> [What you need to do]:
Locate the word "Actuator" in the data below, then copy every line that holds it.

> [Data to use]:
########
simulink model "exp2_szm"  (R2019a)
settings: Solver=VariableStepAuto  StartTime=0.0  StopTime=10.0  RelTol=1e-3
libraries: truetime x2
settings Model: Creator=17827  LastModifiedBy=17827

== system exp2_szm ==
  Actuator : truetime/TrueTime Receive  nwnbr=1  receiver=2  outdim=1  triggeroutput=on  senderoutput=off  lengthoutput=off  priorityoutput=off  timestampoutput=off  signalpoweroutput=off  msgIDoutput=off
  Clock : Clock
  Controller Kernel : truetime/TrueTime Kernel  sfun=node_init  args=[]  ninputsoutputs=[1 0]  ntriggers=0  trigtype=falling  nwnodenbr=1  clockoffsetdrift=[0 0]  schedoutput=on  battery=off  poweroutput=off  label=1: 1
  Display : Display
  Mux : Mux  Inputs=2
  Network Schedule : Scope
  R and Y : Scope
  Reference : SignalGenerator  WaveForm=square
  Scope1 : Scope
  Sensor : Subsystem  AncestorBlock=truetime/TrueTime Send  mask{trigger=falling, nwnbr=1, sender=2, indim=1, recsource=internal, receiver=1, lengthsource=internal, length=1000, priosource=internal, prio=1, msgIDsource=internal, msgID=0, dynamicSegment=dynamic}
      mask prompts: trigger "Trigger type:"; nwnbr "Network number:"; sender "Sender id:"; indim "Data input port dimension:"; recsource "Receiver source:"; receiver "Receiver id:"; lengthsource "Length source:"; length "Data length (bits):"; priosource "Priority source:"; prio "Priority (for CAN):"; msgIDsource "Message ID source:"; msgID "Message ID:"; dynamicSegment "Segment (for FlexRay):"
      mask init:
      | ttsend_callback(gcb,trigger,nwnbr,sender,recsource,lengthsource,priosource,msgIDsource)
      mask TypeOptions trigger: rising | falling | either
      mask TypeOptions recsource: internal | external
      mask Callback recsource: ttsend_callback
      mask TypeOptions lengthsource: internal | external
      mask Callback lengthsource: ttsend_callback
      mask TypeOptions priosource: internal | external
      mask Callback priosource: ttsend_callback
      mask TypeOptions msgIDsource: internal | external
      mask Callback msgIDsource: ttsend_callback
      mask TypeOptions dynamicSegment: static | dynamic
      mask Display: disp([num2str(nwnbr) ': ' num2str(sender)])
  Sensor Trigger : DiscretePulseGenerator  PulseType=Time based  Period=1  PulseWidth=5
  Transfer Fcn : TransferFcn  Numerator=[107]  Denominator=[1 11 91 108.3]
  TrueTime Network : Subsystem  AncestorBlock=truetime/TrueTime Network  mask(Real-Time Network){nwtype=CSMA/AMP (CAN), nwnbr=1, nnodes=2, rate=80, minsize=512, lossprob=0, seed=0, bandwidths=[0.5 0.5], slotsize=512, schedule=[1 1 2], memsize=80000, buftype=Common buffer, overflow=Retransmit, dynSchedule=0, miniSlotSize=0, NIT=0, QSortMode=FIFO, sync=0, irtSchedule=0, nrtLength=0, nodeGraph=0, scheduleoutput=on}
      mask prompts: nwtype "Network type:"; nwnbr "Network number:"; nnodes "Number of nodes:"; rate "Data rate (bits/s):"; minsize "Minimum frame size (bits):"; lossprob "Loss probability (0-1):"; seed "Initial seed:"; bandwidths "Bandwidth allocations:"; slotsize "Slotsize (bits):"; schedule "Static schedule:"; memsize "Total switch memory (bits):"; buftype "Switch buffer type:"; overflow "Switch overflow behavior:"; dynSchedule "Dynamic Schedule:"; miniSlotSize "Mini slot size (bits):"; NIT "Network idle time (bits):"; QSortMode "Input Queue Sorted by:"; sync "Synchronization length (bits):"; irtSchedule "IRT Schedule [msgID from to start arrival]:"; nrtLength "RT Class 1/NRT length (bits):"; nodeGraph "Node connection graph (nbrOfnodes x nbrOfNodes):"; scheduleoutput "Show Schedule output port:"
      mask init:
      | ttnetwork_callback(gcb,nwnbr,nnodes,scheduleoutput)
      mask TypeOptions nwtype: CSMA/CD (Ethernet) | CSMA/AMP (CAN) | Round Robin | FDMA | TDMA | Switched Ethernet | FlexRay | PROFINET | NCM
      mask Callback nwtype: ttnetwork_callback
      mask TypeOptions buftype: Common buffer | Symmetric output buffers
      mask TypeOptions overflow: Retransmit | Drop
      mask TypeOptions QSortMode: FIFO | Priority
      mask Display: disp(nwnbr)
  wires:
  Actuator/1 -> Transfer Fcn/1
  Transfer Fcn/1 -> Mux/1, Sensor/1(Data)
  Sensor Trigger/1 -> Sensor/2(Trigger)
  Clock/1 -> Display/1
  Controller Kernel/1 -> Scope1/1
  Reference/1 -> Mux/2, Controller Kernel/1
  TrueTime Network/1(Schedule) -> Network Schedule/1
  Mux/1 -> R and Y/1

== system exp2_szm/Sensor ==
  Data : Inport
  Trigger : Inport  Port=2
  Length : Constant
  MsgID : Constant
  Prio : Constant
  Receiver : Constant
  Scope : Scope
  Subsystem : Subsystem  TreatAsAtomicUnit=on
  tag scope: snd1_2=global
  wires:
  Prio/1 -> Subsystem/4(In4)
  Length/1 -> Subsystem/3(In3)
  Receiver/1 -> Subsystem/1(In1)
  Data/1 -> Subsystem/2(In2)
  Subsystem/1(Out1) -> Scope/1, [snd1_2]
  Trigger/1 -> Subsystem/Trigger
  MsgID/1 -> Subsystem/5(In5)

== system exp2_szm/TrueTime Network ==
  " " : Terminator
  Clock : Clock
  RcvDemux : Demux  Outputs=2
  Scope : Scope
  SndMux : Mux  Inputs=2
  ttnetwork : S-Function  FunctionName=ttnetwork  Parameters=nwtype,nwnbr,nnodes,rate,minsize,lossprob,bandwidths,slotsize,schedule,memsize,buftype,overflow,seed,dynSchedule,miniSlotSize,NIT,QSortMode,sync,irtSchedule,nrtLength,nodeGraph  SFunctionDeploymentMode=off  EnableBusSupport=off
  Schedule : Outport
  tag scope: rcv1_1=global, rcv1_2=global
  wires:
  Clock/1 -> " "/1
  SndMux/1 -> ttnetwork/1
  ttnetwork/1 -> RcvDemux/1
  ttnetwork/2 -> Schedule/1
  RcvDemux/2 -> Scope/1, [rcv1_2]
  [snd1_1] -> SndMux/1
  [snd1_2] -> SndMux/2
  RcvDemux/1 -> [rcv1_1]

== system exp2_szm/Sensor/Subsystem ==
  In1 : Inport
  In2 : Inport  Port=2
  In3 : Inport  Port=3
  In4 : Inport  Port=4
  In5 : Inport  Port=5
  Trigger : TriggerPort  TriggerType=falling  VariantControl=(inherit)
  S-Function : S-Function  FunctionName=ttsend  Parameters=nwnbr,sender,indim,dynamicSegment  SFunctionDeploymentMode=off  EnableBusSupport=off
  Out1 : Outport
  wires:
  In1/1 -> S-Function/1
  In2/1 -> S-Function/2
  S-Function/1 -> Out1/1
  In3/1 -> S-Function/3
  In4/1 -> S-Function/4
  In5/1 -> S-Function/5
########
> [Output below]:
  Actuator : truetime/TrueTime Receive  nwnbr=1  receiver=2  outdim=1  triggeroutput=on  senderoutput=off  lengthoutput=off  priorityoutput=off  timestampoutput=off  signalpoweroutput=off  msgIDoutput=off
  Actuator/1 -> Transfer Fcn/1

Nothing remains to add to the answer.